Investigation and Outcomes

Utah Case Investigation

The Utah resident lived with a spouse, another housemate, three cats, and one dog. Health officials recommended wound covering, masking, and use of disinfectant on household surfaces. The patient’s spouse and the other housemate and the four pets (all asymptomatic) were tested; toxigenic C. ulcerans was isolated from the patient’s spouse and two cats. Whole genome sequencing (WGS) of isolates from these cats and the index patient found that the isolates were the same type. The index patient, the patient’s spouse, and the other housemate were treated empirically with penicillin (1), and the four pets were treated with amoxicillin and clavulanic acid. After treatment, C. ulcerans was isolated from the index patient and all pets but not from the spouse; the other housemate was not retested. Subsequently, antibiotic susceptibility results from the index patient’s initial isolate indicated that the organism was susceptible to erythromycin but moderately susceptible to penicillin, indicating a higher dose of penicillin would be necessary.** After the index patient, the patient’s spouse, the housemate, and the four pets were treated with erythromycin, testing for all persons and pets living in the house did not yield C. ulcerans.

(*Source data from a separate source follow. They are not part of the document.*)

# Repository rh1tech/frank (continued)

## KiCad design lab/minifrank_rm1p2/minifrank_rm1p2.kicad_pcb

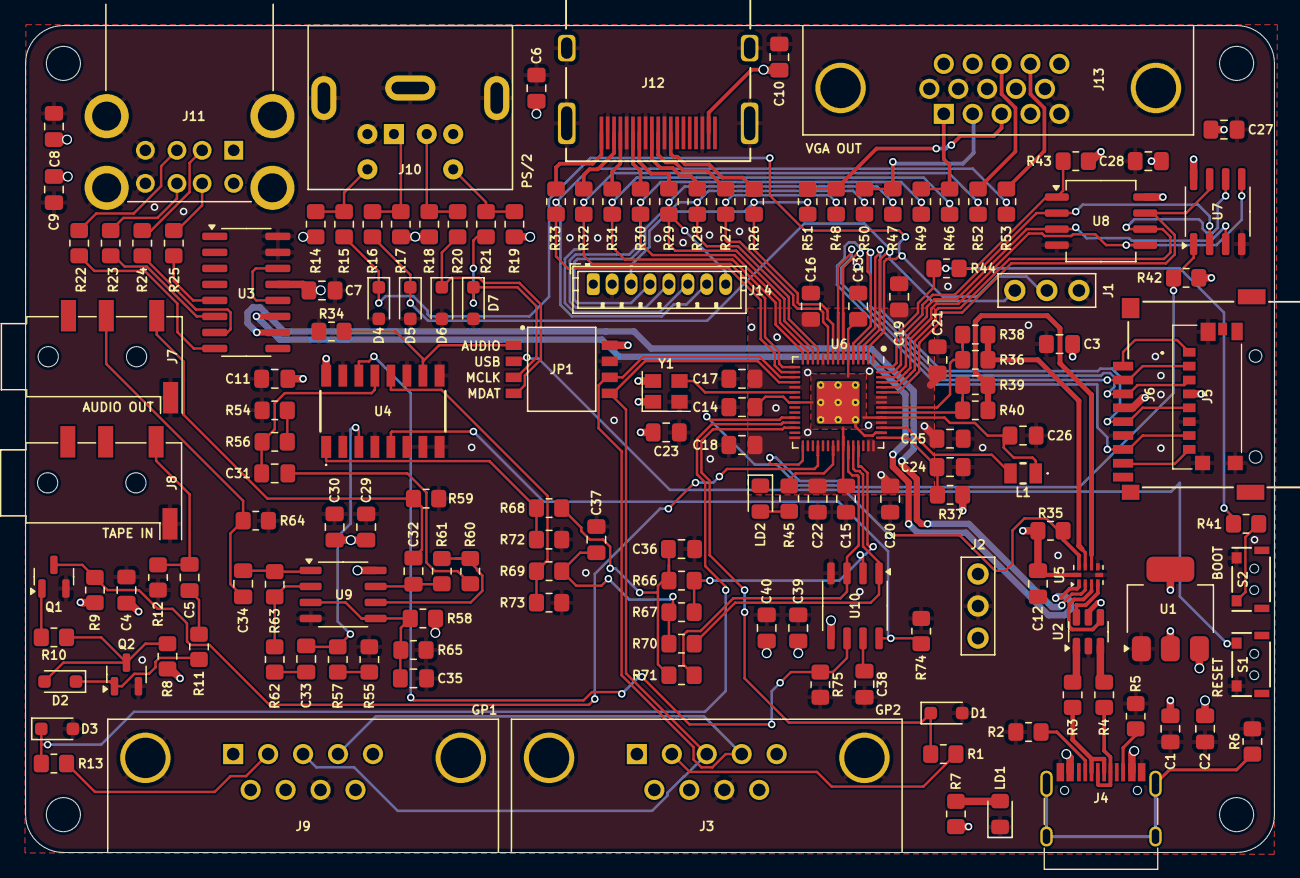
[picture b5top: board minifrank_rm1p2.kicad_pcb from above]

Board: 4 copper layers, 99.0 x 65.5 mm, 159 parts (0 on the bottom side), 116 nets.

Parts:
C1, C2, C8, C9, C29, C31, C32, C33, C34, C35, C38, C39: 10u; Capacitor (0805)
C3, C4, C5, C6, C10, C11, C12, C13, C15, C16, C17, C18, C19, C20, C21, C22, C23, C27, C28, C30, C40: 100n; Capacitor (0805)
C7, C14, C24, C25, C26: 4.7u; Capacitor (0805)
C36, C37: 47n; Capacitor (0805)
D1, D3, D4, D5, D6, D7: 3V3; Diode (SOD-323)
D2: 1N4148; Diode (SOD-323)
H1, H2, H3, H4: MountingHole; Mounting Hole (2.7mm)
J1: UART; Pin Header (1x03)
J2: PWR; Pin Header (1x03)
J3, J9: D-SUB 9 Male; D-SUB (9 pin, male, top mount)
J4: USB4215-03-A; USB Type C
J5: 0475710001; MicroSD (SMD, short)
J6: 104031-0811; MicroSD (SMD, long)
J7, J8: PJ-320D; Jack (3.5mm, PJ-320D)
J10: MDC-036; MiniDIN (6 Pin, female)
J11: SS-52100-004; USB Type A (stacked)
J12: DC3RX19JA2; HDMI (female)
J13: D-SUB 15 Female; D-SUB (15 pin, female)
J14: Pin Header 1x08; Connector Female ZH 1.50mm (8 pins)
JP1: Main Jumpers; SW_DS05-127-2-04BK-SMT-TR
L1: 3.3u; Inductor (0806)
LD1: Power; LED (0805)
LD2: Blue; LED (0805)
Q1, Q2: BC850; SOT-23
R1, R7, R9, R13, R14, R17, R18, R19, R41, R45, R49, R50, R51, R70, R71: 1K; Resistor (0805)
R2, R5: 5.1K; Resistor (0805)
R3, R4, R22, R23, R24, R25: 22R; Resistor (0805)
R6: 1M; Resistor (0805)
R8, R10, R11, R34, R35, R42, R43, R56, R57, R58, R60, R62, R65, R68, R69: 10K; Resistor (0805)
R12, R15, R16, R20, R21, R52, R53: 100R; Resistor (0805)
R26, R27, R28, R29, R30, R31, R32, R33: 270R; Resistor (0805)
R36, R39: 150R; Resistor (0805)
R37: 33; Resistor (0805)
R38, R40: 33R; Resistor (0805)
R44: 0R; Resistor (0805)
R46, R47, R48: 330R; Resistor (0805)
R54, R55, R66, R67, R72, R73: 2K; Resistor (0805)
R59, R64: 20K; Resistor (0805)
R61, R63: 47K; Resistor (0805)
R74, R75: 470R; Resistor (0805)
S1: Reset; TACT-SIDE-4623
S2: TS-1233; TACT-SIDE-4623
U1: NCP1117 3.3; SOT-223
U2: USBLC6-2SC6; SOT-23-6
U3: MW7211A; SOP-16
U4: 74HC4052D; 74HC4052D653
U5: TS3USB221RSER; UQFN-10
U6: RP2350; QFN 60 (RP2350A)
U7: ESP-PSRAM32; SO-8
U8: W25Q128JVS; SOIC-8
U9: LM358; SO-8
U10: TDA1387T; SO-8
Y1: ASE-12MHz; Crystal (3225, active)

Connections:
+1V1: C13.1, C14.1, C15.1, C26.1, L1.1, U6.6 (DVDD), U6.23 (DVDD), U6.39 (DVDD), U6.50 (VREG_FB)
+3V3: C1.1, C3.2, C4.1, C11.2, C12.2, C16.1, C17.1, C18.1, C19.1, C20.1, C21.1, C22.1, C23.1, C25.1, C27.1, C28.1, J2.1, J5.P4 (VDD), J6.4 (VDD), JP1.8, R7.2, R8.1, R9.1, R35.1, R37.1, R42.2, R43.1, U1.2 (VO), U4.16 (VCC), U5.10 (VCC), U6.1 (IOVDD), U6.11 (IOVDD), U6.20 (IOVDD), U6.30 (IOVDD), U6.38 (IOVDD), U6.44 (ADC_AVDD), U6.45 (IOVDD), U6.49 (VREG_VIN), U6.53 (USB_OTP_VDD), U6.54 (QSPI_IOVDD), U7.8 (VCC), U8.8 (VCC), Y1.1 (EN), Y1.4 (Vdd)
/AMP_IN_L: C31.1, R56.1, U4.13 (1Z)
/AMP_IN_R: C33.1, R57.1, U4.3 (2Z)
/AUDIOSW: JP1.1, R34.2, U4.10 (S0)
/Audio Out/AMP_OUTL: C32.2, J7.T, R59.2
/Audio Out/AMP_OUTR: C34.2, J7.R, R64.2
/D+: R36.1, R38.1, U5.8 (D+)
/D-: R39.1, R40.1, U5.7 (D-)
/GPIO0: D4.1 (K), J1.2, R15.2, U6.2 (GPIO0)
/GPIO1: D5.1 (K), J1.3, R16.2, U6.3 (GPIO1)
/GPIO2: J5.P5 (CLK), J6.5 (CLK), U6.4 (GPIO2)
/GPIO3: J5.P3 (CMD), J6.3 (CMD), U6.5 (GPIO3)
/GPIO4: J5.P7 (DAT0), J6.7 (DAT0), U6.7 (GPIO4)
/GPIO5: J5.P2 (CD/DAT3), J6.2 (DAT3/CD), U6.8 (GPIO5)
/GPIO6: J14.3, R26.2, R51.1, U6.9 (GPIO6)
/GPIO7: R27.2, R48.1, U6.10 (GPIO7)
/GPIO8: J14.4, R28.2, R50.1, U6.12 (GPIO8)
/GPIO9: J14.8, R29.2, R47.1, U6.13 (GPIO9)
/GPIO10: J14.5, R30.2, R49.1, U6.14 (GPIO10)
/GPIO11: R31.2, R46.1, U6.15 (GPIO11)
/GPIO12: J14.6, R32.2, R52.2, U6.16 (GPIO12)
/GPIO13: J14.7, R33.2, R53.2, U6.17 (GPIO13)
/GPIO14: J3.4, J9.4, JP1.6, U6.18 (GPIO14)
/GPIO15: J3.3, J9.3, JP1.5, U6.19 (GPIO15)
/GPIO16: D3.1 (K), R13.1, U6.27 (GPIO16)
/GPIO17: D1.1 (K), R1.1, U6.28 (GPIO17)
/GPIO19: R42.1, U6.31 (GPIO19), U7.1 (~CE)
/GPIO22: Q1.3 (C), R9.2, U6.34 (GPIO22)
/GPIO26: R71.2, U6.40 (GPIO26_ADC0), U10.3 (DATA)
/GPIO27: R70.2, U6.41 (GPIO27_ADC1), U10.1 (SCLK)
/GPIO28: R66.1, R67.1, U6.42 (GPIO28_ADC2), U10.2 (LRCK)
/HUB_D+: U3.11 (DPU), U5.1 (1D+)
/HUB_D-: U3.10 (DMU), U5.2 (1D-)
/KB_CLK: J10.5, R14.2, R15.1
/KB_DATA: J10.1, R16.1, R17.2
/MS_CLK: J10.6, R19.2, R21.1
/MS_CLK_3V: D7.1 (K), JP1.3, R21.2
/MS_DATA: J10.2, R18.2, R20.1
/MS_DATA_3V: D6.1 (K), JP1.4, R20.2
/PWM_OUT_L: R69.2, R73.1, U4.12 (1Y0)
/PWM_OUT_R: R68.2, R72.1, U4.1 (2Y0)
/RP2350A/FLASH_SS: R43.2, R44.2, U8.1 (~CS)
/RP2350A/QSPI_SCLK: U6.56 (QSPI_SCLK), U7.6 (SCLK), U8.6 (CLK)
/RP2350A/QSPI_SD0: U6.57 (QSPI_SD0), U7.5 (SI/SIO), U8.5 (DI(IO0))
/RP2350A/QSPI_SD1: U6.59 (QSPI_SD1), U7.2 (SO/SIO), U8.2 (DO(IO1))
/RP2350A/QSPI_SD2: U6.58 (QSPI_SD2), U7.3 (SIO2), U8.3 (IO2)
/RP2350A/QSPI_SD3: U6.55 (QSPI_SD3), U7.7 (SIO3), U8.7 (IO3)
/RP2350A/QSPI_SS: R41.1, R44.1, U6.60 (QSPI_SS)
/RP2350A/VREG_AVDD: C24.1, R37.2, U6.46 (VREG_AVDD)
/RP2350A/VREG_LX: L1.2, U6.48 (VREG_LX)
/RP2350A/XIN: U6.21 (XIN), Y1.3 (OUT)
/RP2350A/~USB_BOOT: R41.2, S2.2
/RUN: S1.1, U6.26 (RUN)
/SD Card/DAT1: J5.P8 (DAT1), J6.8 (DAT1)
/SD Card/DAT2: J5.P1 (DAT2), J6.1 (DAT2)
/TDA_L: R75.2, U4.14 (1Y1), U10.6 (A_LEFT)
/TDA_R: R74.1, U4.5 (2Y1), U10.8 (A_RIGHT)
/USBMPXSW: JP1.2, R35.2, U5.9 (S)
/USB_D1+: R22.1, U3.8 (DP3)
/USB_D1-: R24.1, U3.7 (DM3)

Colorado Case Investigation

The Colorado patient reported close contact with a spouse, two dogs living at the same house, and a visiting family member and dog who were at the house for two nights; all human and animal contacts were asymptomatic. Health officials recommended that the patient stay home from work and wear a mask during activities outside the home. C. ulcerans was isolated from the patient and the visiting dog†† but not from the visiting family member and the patient’s own two dogs. Isolates from the patient and visiting dog were of the same WGS type.§§ The patient’s spouse declined testing but was treated empirically with erythromycin. During treatment, antibiotic susceptibility testing results for both the human and dog isolates indicated susceptibility to erythromycin. After treatment with erythromycin, follow-up testing for the patient and the visiting dog did not yield C. ulcerans.

Preliminary Conclusions and Actions

Toxigenic Corynebacterium diphtheriae infection is nationally notifiable; however, infection with toxigenic C. ulcerans is not. Illness caused by toxigenic C. ulcerans can mimic toxigenic C. diphtheriae infection and necessitates prompt identification, treatment, and control (2). In addition, surveillance and routine vaccination with diphtheria toxoid-containing vaccines are important to protect persons from severe toxin-mediated illness caused by toxigenic Corynebacterium spp. (3).

These Utah and Colorado cases represent the first reported U.S. cases of toxigenic C. ulcerans infection among humans with concurrent household pet colonization (4,5). C. ulcerans is believed to be zoonotic (5); human-to-human transmission has not been documented. Evidence from this investigation suggests that transmission of toxigenic C. ulcerans between humans and household pets occurred, although the direction of transmission could not be determined.

Although penicillin or erythromycin are recommended treatments for toxigenic Corynebacterium infections (1), this investigation suggests that treatment of both human and veterinary patients should be based on antibiotic susceptibility results. Health officials can utilize a One Health approach considering human, animal, and environmental health to control C. ulcerans transmission and infections.

Acknowledgments

Anna M. Acosta, Pamela Cassiday, Heather Fueston, Daniel Kurien, David Lonsway, Paris Paul, M. Lucia Tondella, Erin Tromble, Natalie Wendling, Margaret Williams, Lingzi Xiaoli, CDC; Joe Evans, Canyon View Cares Vet Clinic; Leisha Nolen, Alessandro Rossi, Mary Shragge, Utah Department of Health and Human Services; Prafulla Martin-Garg, Intermountain Central Laboratory; Logan Regional Hospital Wound Care and Hyperbaric Medicine Center; Sam Baird, Laura Bankers, Colorado Department of Public Health Laboratory; Alayna Younger, Boulder County Public Health.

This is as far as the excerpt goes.